Start of Records to use

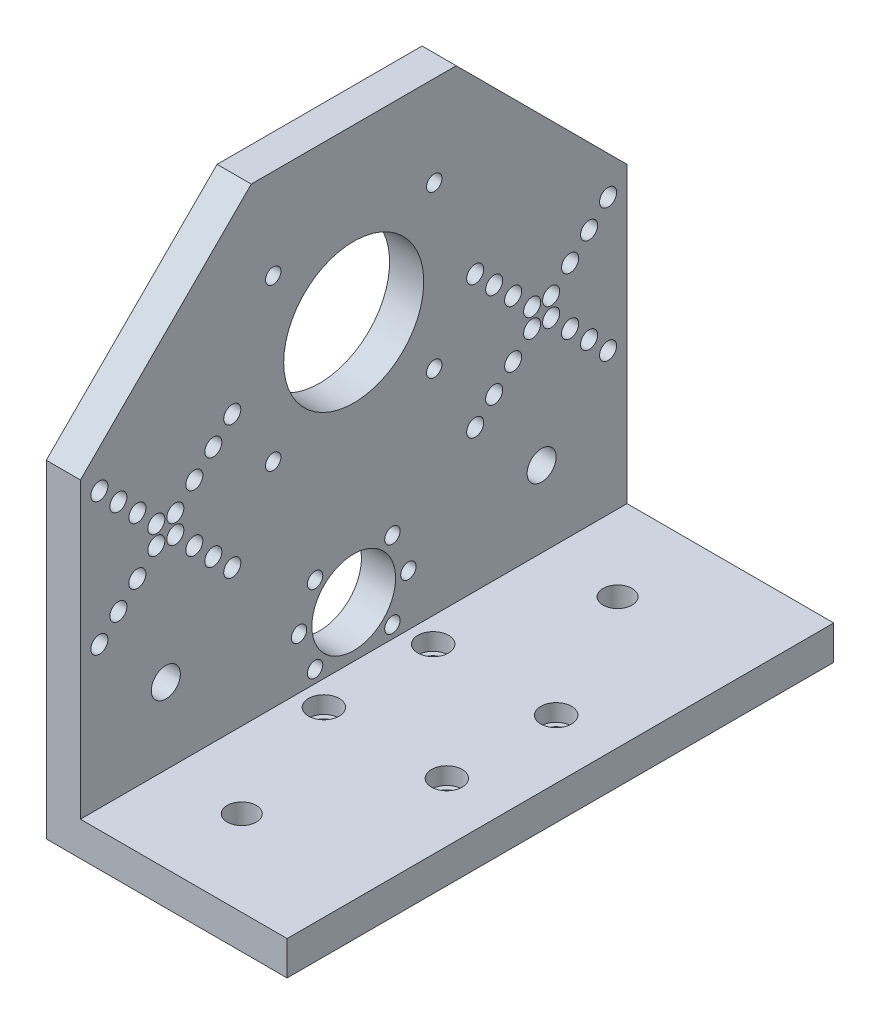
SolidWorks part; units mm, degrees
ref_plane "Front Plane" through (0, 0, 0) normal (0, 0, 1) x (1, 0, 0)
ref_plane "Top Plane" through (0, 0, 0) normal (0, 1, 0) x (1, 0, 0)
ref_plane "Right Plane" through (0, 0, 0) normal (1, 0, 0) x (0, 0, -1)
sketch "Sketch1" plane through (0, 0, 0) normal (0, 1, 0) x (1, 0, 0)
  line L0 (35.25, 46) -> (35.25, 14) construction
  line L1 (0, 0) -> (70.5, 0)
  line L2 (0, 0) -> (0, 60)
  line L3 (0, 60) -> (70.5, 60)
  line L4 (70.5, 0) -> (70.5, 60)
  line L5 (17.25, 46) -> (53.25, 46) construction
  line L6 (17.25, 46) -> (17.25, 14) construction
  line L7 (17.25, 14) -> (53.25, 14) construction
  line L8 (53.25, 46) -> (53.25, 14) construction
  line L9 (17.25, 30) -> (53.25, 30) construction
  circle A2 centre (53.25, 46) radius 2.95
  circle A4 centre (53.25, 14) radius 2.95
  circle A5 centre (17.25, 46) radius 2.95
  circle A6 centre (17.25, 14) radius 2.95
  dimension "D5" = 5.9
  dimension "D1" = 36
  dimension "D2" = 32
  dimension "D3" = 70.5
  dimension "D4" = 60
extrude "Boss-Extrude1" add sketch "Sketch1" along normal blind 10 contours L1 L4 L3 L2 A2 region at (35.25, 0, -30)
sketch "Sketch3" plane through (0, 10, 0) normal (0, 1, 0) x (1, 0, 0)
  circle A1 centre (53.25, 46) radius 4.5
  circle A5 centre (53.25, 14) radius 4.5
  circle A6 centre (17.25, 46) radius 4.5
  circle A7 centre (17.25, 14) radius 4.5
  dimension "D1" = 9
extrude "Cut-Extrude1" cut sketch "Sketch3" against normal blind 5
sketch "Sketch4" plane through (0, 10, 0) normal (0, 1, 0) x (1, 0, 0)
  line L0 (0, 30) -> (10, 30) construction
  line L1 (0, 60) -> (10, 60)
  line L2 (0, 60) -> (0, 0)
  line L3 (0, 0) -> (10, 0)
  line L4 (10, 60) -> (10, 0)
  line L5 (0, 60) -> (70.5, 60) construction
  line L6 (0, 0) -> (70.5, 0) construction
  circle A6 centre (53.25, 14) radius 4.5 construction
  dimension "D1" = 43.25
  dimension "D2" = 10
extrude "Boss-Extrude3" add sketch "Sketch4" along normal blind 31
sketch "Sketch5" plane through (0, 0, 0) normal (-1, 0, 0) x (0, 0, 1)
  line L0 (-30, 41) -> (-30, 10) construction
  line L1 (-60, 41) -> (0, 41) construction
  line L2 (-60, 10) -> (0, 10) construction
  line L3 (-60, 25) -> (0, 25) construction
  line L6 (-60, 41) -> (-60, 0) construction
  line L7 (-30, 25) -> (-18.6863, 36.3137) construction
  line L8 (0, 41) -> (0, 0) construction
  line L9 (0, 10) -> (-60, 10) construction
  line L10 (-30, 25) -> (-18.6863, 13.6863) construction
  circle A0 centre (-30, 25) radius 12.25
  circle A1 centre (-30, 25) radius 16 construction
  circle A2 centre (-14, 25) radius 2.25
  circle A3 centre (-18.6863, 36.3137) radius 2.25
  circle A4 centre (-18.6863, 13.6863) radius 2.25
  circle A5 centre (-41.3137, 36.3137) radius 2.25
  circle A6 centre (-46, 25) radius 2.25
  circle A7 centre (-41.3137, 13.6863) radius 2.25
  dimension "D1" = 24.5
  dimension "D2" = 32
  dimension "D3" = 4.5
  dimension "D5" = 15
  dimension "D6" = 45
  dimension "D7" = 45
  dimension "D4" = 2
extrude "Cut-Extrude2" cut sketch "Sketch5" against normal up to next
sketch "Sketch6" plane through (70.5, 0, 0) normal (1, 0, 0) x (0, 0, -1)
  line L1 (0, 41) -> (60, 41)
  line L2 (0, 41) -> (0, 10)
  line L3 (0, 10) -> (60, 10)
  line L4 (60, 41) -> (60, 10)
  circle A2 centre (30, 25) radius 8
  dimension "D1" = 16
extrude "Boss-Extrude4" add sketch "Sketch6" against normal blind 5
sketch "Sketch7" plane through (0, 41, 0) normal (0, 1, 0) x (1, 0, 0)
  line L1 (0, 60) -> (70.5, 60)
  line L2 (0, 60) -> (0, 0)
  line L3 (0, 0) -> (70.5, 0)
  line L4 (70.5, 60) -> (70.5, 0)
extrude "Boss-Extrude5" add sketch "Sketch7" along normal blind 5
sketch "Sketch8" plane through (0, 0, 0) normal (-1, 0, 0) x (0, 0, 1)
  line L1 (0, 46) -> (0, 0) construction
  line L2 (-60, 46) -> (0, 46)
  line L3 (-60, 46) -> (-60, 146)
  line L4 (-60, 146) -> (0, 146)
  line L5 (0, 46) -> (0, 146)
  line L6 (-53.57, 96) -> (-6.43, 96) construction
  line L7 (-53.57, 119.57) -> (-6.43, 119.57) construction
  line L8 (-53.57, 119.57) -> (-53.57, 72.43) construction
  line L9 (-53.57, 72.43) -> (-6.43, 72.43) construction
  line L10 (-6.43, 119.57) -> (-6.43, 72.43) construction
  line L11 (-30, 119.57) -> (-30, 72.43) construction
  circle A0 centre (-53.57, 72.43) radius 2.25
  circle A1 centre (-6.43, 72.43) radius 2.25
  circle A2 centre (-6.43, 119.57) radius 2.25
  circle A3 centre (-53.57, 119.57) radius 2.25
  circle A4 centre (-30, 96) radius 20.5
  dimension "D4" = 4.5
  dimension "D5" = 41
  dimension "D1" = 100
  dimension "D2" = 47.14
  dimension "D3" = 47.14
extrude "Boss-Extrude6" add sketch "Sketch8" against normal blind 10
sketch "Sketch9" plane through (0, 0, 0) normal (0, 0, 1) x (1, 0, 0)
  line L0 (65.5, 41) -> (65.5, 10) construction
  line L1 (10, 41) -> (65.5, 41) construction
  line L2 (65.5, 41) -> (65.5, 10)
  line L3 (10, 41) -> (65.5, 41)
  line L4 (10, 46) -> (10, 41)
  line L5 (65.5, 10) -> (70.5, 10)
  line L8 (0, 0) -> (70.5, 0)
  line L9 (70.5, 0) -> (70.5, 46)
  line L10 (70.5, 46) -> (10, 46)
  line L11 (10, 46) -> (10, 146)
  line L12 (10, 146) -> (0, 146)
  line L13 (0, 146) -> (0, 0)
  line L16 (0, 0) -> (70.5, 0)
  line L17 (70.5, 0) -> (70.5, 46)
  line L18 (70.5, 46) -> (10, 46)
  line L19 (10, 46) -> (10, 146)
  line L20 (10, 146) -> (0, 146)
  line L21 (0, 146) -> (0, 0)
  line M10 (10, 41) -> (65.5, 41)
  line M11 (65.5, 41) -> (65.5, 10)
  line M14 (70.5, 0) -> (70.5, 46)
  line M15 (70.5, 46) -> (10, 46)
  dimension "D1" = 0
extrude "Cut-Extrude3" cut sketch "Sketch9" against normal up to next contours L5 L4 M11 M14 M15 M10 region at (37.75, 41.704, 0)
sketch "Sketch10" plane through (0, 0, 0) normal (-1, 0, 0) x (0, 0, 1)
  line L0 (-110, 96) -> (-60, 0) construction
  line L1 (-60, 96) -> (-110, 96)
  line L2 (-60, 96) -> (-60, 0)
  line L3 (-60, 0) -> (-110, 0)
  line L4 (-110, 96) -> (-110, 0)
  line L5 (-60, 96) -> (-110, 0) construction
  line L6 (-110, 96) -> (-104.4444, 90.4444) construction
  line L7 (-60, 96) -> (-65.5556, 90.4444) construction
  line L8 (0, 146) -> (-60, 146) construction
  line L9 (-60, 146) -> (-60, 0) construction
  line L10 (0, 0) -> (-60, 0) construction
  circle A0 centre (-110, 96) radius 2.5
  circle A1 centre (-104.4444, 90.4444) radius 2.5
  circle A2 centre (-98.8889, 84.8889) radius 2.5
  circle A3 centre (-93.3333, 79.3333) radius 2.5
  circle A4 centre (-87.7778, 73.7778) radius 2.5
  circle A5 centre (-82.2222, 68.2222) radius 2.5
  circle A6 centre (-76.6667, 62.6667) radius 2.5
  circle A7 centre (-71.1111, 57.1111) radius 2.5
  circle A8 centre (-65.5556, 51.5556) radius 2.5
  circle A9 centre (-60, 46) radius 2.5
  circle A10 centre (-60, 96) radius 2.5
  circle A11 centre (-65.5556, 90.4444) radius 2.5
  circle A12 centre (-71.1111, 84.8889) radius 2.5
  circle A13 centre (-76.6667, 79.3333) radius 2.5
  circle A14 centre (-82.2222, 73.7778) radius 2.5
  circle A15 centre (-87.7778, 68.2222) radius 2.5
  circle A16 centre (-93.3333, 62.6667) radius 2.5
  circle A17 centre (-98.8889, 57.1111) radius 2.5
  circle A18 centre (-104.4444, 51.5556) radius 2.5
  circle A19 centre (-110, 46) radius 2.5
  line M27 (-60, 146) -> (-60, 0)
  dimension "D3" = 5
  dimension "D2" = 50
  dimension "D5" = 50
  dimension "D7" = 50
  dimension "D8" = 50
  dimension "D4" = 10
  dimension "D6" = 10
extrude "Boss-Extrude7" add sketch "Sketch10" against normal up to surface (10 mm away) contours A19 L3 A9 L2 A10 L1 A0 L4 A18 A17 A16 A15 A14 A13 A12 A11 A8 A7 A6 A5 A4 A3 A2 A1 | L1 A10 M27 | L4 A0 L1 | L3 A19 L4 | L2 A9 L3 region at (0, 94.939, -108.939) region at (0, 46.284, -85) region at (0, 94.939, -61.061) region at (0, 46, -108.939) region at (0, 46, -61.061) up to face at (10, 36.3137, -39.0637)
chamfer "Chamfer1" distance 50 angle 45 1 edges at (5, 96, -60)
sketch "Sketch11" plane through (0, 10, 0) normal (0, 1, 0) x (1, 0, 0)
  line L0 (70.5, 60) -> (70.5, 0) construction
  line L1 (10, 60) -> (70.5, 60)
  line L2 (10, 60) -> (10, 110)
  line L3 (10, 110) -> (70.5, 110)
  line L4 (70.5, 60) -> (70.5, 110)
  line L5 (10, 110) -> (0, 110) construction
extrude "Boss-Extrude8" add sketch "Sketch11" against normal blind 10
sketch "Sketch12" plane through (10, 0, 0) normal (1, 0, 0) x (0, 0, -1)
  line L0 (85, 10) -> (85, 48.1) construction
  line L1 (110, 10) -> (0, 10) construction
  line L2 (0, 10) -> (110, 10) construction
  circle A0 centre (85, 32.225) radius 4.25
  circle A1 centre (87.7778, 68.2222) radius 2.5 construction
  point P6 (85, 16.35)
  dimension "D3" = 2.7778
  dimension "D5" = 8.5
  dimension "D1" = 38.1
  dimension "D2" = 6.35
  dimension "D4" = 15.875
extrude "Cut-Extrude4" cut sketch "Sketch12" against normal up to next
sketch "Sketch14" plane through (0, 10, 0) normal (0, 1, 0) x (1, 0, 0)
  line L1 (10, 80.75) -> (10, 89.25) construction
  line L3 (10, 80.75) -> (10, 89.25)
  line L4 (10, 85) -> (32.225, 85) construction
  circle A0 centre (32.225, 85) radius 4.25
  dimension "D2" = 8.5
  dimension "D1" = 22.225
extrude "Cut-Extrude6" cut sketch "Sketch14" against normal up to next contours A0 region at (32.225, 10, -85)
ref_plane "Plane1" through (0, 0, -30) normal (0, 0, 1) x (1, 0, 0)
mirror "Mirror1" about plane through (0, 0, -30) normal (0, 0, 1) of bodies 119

End of Records to use

**Exercise description**
In the data above, which lines lie between the line with "line L10 (70.5, 46) -> (10, 46)" and the line with "line M11 (65.5, 41) -> (65.5, 10)", inclusive? Print those lines exactly and nothing else.

**Response**
  line L10 (70.5, 46) -> (10, 46)
  line L11 (10, 46) -> (10, 146)
  line L12 (10, 146) -> (0, 146)
  line L13 (0, 146) -> (0, 0)
  line L16 (0, 0) -> (70.5, 0)
  line L17 (70.5, 0) -> (70.5, 46)
  line L18 (70.5, 46) -> (10, 46)
  line L19 (10, 46) -> (10, 146)
  line L20 (10, 146) -> (0, 146)
  line L21 (0, 146) -> (0, 0)
  line M10 (10, 41) -> (65.5, 41)
  line M11 (65.5, 41) -> (65.5, 10)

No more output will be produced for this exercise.